>>

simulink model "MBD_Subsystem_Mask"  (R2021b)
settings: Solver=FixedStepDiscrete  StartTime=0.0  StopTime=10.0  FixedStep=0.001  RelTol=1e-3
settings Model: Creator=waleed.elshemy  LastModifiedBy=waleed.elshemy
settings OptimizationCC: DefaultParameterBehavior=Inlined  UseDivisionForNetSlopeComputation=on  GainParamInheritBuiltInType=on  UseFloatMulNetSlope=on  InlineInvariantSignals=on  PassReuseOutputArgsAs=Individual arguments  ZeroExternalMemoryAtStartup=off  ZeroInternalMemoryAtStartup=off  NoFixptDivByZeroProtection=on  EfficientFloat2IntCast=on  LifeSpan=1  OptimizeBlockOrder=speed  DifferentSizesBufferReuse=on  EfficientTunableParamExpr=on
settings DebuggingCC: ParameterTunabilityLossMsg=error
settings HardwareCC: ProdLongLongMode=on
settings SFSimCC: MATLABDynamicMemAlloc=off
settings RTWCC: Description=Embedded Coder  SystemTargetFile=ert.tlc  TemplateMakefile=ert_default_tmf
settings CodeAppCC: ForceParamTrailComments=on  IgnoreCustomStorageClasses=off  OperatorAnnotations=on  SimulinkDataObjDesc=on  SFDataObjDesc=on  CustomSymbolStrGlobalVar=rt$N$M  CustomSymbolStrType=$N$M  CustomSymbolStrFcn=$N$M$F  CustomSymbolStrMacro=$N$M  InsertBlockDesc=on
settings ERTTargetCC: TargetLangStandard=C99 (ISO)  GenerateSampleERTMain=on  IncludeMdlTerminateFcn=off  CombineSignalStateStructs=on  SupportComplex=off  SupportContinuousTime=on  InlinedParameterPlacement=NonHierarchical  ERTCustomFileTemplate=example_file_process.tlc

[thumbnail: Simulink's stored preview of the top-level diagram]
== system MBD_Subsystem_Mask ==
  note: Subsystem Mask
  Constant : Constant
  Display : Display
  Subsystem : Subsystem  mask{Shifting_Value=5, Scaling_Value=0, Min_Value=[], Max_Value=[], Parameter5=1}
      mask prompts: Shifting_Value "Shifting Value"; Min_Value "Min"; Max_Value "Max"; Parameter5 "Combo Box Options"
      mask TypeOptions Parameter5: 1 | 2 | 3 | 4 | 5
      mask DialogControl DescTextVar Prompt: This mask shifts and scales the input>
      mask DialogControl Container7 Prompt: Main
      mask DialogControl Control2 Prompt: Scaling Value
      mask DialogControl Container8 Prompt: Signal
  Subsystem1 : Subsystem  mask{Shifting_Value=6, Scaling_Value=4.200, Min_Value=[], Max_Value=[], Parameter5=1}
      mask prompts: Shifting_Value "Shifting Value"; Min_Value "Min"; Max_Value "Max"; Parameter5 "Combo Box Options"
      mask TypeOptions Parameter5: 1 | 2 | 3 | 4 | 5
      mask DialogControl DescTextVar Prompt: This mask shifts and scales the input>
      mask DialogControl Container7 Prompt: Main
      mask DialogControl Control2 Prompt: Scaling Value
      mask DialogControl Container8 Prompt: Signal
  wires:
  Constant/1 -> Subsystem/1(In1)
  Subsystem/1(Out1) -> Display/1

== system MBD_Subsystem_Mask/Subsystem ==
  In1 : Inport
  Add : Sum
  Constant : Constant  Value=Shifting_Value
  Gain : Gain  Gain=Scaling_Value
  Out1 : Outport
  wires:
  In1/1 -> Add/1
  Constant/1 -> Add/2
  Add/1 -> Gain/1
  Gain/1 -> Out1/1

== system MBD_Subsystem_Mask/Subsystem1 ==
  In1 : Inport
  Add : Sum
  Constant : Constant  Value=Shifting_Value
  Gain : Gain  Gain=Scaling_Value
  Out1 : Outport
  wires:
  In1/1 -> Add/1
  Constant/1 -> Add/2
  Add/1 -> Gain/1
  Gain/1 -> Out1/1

<<

◆ About this exercise ◆
Give all the records again. Match them exactly.

◆ The answer ◆
simulink model "MBD_Subsystem_Mask"  (R2021b)
settings: Solver=FixedStepDiscrete  StartTime=0.0  StopTime=10.0  FixedStep=0.001  RelTol=1e-3
settings Model: Creator=waleed.elshemy  LastModifiedBy=waleed.elshemy
settings OptimizationCC: DefaultParameterBehavior=Inlined  UseDivisionForNetSlopeComputation=on  GainParamInheritBuiltInType=on  UseFloatMulNetSlope=on  InlineInvariantSignals=on  PassReuseOutputArgsAs=Individual arguments  ZeroExternalMemoryAtStartup=off  ZeroInternalMemoryAtStartup=off  NoFixptDivByZeroProtection=on  EfficientFloat2IntCast=on  LifeSpan=1  OptimizeBlockOrder=speed  DifferentSizesBufferReuse=on  EfficientTunableParamExpr=on
settings DebuggingCC: ParameterTunabilityLossMsg=error
settings HardwareCC: ProdLongLongMode=on
settings SFSimCC: MATLABDynamicMemAlloc=off
settings RTWCC: Description=Embedded Coder  SystemTargetFile=ert.tlc  TemplateMakefile=ert_default_tmf
settings CodeAppCC: ForceParamTrailComments=on  IgnoreCustomStorageClasses=off  OperatorAnnotations=on  SimulinkDataObjDesc=on  SFDataObjDesc=on  CustomSymbolStrGlobalVar=rt$N$M  CustomSymbolStrType=$N$M  CustomSymbolStrFcn=$N$M$F  CustomSymbolStrMacro=$N$M  InsertBlockDesc=on
settings ERTTargetCC: TargetLangStandard=C99 (ISO)  GenerateSampleERTMain=on  IncludeMdlTerminateFcn=off  CombineSignalStateStructs=on  SupportComplex=off  SupportContinuousTime=on  InlinedParameterPlacement=NonHierarchical  ERTCustomFileTemplate=example_file_process.tlc

[thumbnail: Simulink's stored preview of the top-level diagram]
== system MBD_Subsystem_Mask ==
  note: Subsystem Mask
  Constant : Constant
  Display : Display
  Subsystem : Subsystem  mask{Shifting_Value=5, Scaling_Value=0, Min_Value=[], Max_Value=[], Parameter5=1}
      mask prompts: Shifting_Value "Shifting Value"; Min_Value "Min"; Max_Value "Max"; Parameter5 "Combo Box Options"
      mask TypeOptions Parameter5: 1 | 2 | 3 | 4 | 5
      mask DialogControl DescTextVar Prompt: This mask shifts and scales the input>
      mask DialogControl Container7 Prompt: Main
      mask DialogControl Control2 Prompt: Scaling Value
      mask DialogControl Container8 Prompt: Signal
  Subsystem1 : Subsystem  mask{Shifting_Value=6, Scaling_Value=4.200, Min_Value=[], Max_Value=[], Parameter5=1}
      mask prompts: Shifting_Value "Shifting Value"; Min_Value "Min"; Max_Value "Max"; Parameter5 "Combo Box Options"
      mask TypeOptions Parameter5: 1 | 2 | 3 | 4 | 5
      mask DialogControl DescTextVar Prompt: This mask shifts and scales the input>
      mask DialogControl Container7 Prompt: Main
      mask DialogControl Control2 Prompt: Scaling Value
      mask DialogControl Container8 Prompt: Signal
  wires:
  Constant/1 -> Subsystem/1(In1)
  Subsystem/1(Out1) -> Display/1

== system MBD_Subsystem_Mask/Subsystem ==
  In1 : Inport
  Add : Sum
  Constant : Constant  Value=Shifting_Value
  Gain : Gain  Gain=Scaling_Value
  Out1 : Outport
  wires:
  In1/1 -> Add/1
  Constant/1 -> Add/2
  Add/1 -> Gain/1
  Gain/1 -> Out1/1

== system MBD_Subsystem_Mask/Subsystem1 ==
  In1 : Inport
  Add : Sum
  Constant : Constant  Value=Shifting_Value
  Gain : Gain  Gain=Scaling_Value
  Out1 : Outport
  wires:
  In1/1 -> Add/1
  Constant/1 -> Add/2
  Add/1 -> Gain/1
  Gain/1 -> Out1/1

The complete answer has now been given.